90 This is the universal standard as compiled in the United Nations Compilation of good
practices on legal and institutional frameworks and measures that ensure respect for human
rights by intelligence agencies while countering terrorism, including on their oversight,
17 May 2010 (A/HRC/14/46): “Practice 21. National law outlines the types of collection
measures available to intelligence services; the permissible objectives of intelligence
collection; the categories of persons and activities which may be subject to intelligence
collection; the threshold of suspicion required to justify the use of collection measures; the
limitations on the duration for which collection measures may be used; and the procedures
for authorising, overseeing and reviewing the use of intelligence-collection measures.”

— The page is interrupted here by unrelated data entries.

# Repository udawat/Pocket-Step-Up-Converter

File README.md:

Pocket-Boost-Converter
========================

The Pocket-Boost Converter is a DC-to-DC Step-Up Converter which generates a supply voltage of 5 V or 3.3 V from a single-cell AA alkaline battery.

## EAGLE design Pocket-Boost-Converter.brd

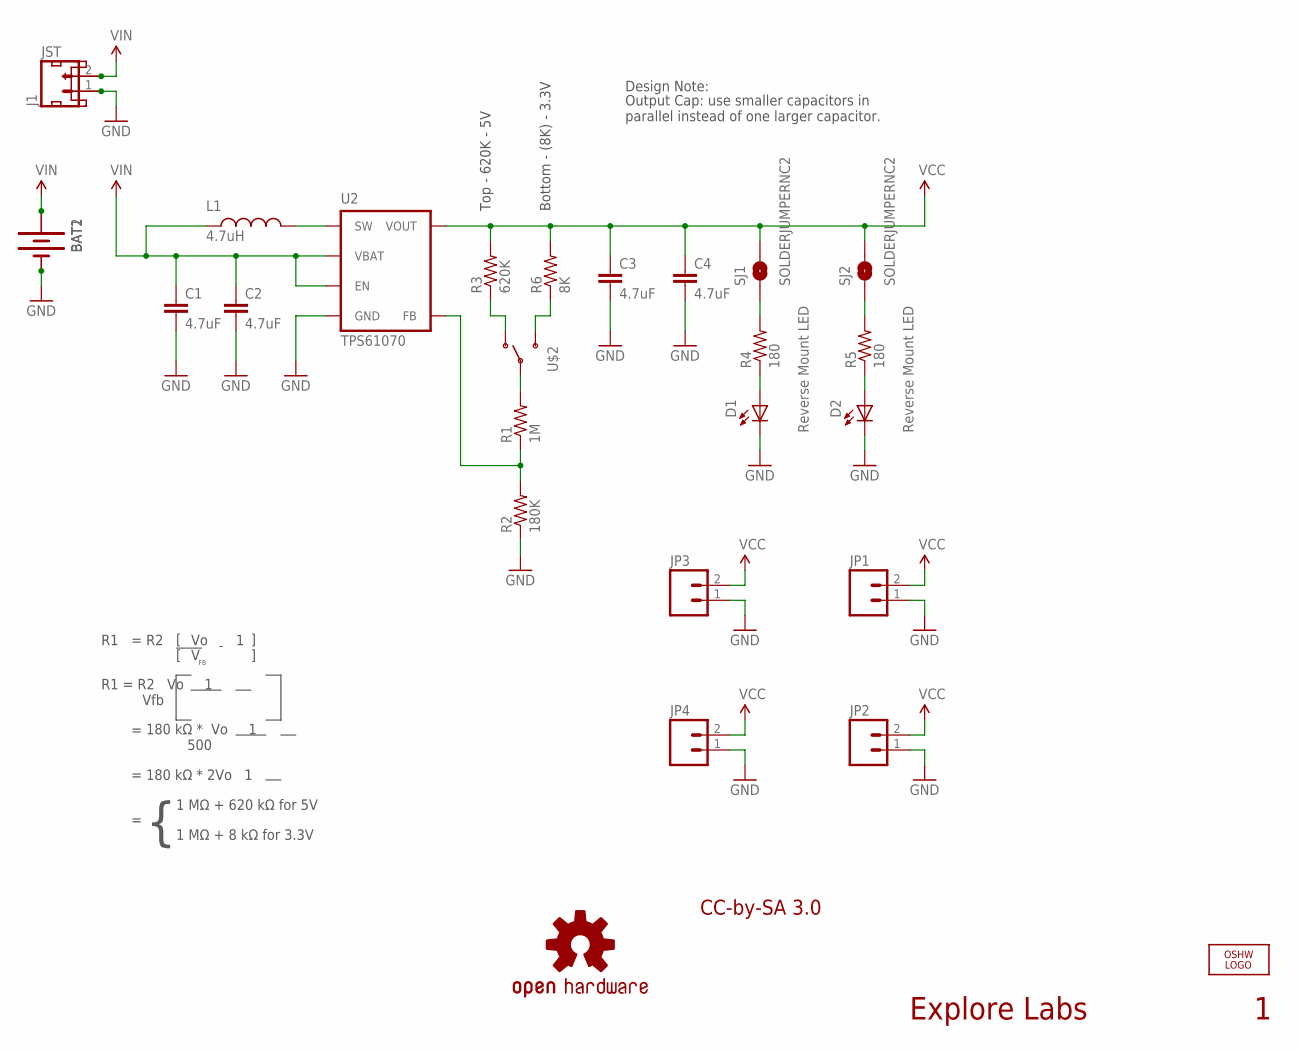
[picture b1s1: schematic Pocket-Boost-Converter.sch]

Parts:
BAT1: BATTERYONE-HOLE-REMOVED-FOR-REV-MNT-LED; BATTERY-AA-HOLDER-BBPS
BAT2: BATTERYNO-HOLES; BATTERY-2AA-HOLDER-BBPS
C1, C2, C3, C4: 4.7uF; 0603-CAP
D1, D2: Reverse Mount LED; LED-REV-MOUNT
J1: JST_2MM_MALE; JST-2-SMD
JP1, JP2, JP3, JP4: M02PTH; 1X02
JST: M02-JST-2-PTH-NO_SILK; JST-2-PTH-NS
L1: 4.7uH; INDUCTOR-MSS4020
LOGO1: OSHW_LOGO_FILLX0200-NT; OSHW_FILLX200_NOTEXT
LOGO2: OSHW-LOGOS; OSHW-LOGO-S
R1: 1M; 0603-RES
R2: 180K; 0603-RES
R3: 620K; 0603-RES
R4, R5: 180; 0603-RES
R6: 8K; 0603-RES
SJ1, SJ2: SOLDERJUMPERNC2; SJ_2S-NOTRACE
U2: TPS61070; DDC
U$2: SWITCH_SPDTSMD-NO-HOLES; SWITCH-SPST-SMD-A-FOR-BBPS

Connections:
GND: BAT1.GND (-), BAT2.GND (-), C1.2, C2.2, C3.2, C4.2, D1.CATHODE, D2.CATHODE, J1.1 (-), JP1.1, JP2.1, JP3.1, JP4.1, JST.1, R2.1, U2.2 (GND)
unnamed: R5.2, SJ2.1
unnamed: R3.1, U$2.A (A-OUT)
unnamed: R1.1, R2.2, U2.4 (FB)
unnamed: R1.2, U$2.B (BC-IN), U$2.C (BC-IN)
unnamed: D2.ANODE, R5.1
unnamed: R6.1, U$2.D (D-OUT)
unnamed: R4.2, SJ1.1
unnamed: D1.ANODE, R4.1
SW: L1.2, U2.1 (SW)
VBAT: BAT1.PWR (+), BAT2.PWR (+), C1.1, C2.1, J1.2 (+), JST.2, L1.1, U2.3 (EN), U2.6 (VBAT)
VOUT: C3.1, C4.1, JP1.2, JP2.2, JP3.2, JP4.2, R3.2, R6.2, SJ1.2, SJ2.2, U2.5 (VOUT)

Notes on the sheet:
Bottom - (8K) - 3.3V
Top - 620K - 5V
Output Cap: use smaller capacitors in parallel instead of one larger capacitor.
Explore Labs
[ [
____
] ]
R1 = R2 Vo 1 Vfb
180 kΩ * Vo 1 500
180 kΩ * 2Vo 1
1 MΩ + 620 kΩ for 5V
1 MΩ + 8 kΩ for 3.3V
Design Note:
CC-by-SA 3.0

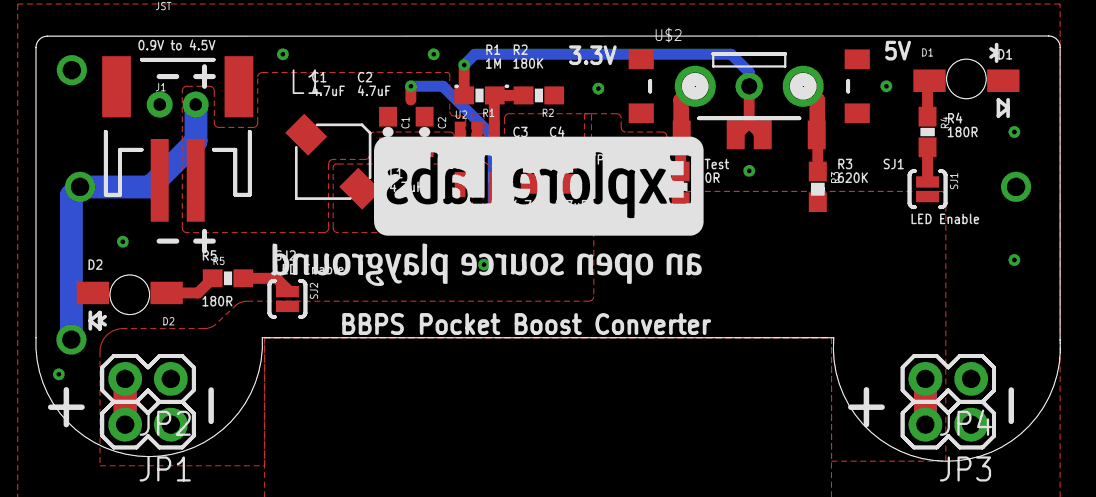
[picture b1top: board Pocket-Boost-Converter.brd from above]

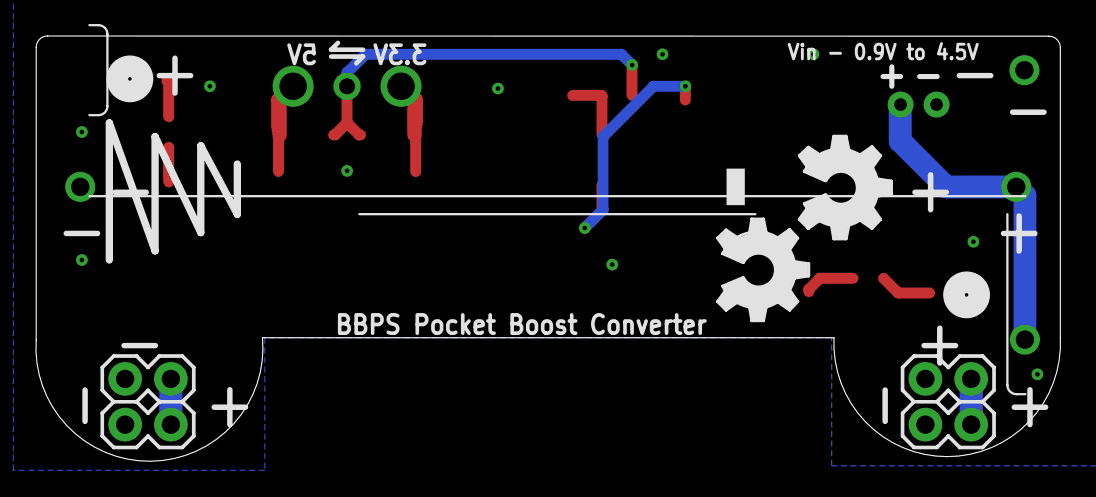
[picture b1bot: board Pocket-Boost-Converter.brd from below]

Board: 2 copper layers, 56.9 x 23.6 mm, 28 parts (4 on the bottom side), 12 nets.

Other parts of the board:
U$4: EXLABS_LOGO_0.5

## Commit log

2014-03-11 initial commit
    all EAGLE files with gerber
2014-03-11 ReadMe file update
2014-03-11 ReadMe again updated
2015-04-08 renamed

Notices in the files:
parts and their libraries:
SparkFun-Passives: Licensing: CC v3.0 Share-Alike You are welcome to use this library for commercial purposes.

91 Other than Sanoma Uitgevers B.V. v. the Netherlands [GC], no. 38224/03, §§ 90-92,
14 September 2010, see European Union Fundamental Rights Agency (FRA), Surveillance
by intelligence services: fundamental rights safeguards and remedies in the EU, volume II:
Field perspectives and legal updates, 2017, p. 12: “EU Member States should establish
specific legal procedures to safeguard the professional privilege of groups such as members
of parliament, members of the judiciary, lawyers and media professionals. Implementation
of these procedures should be overseen by an independent body.”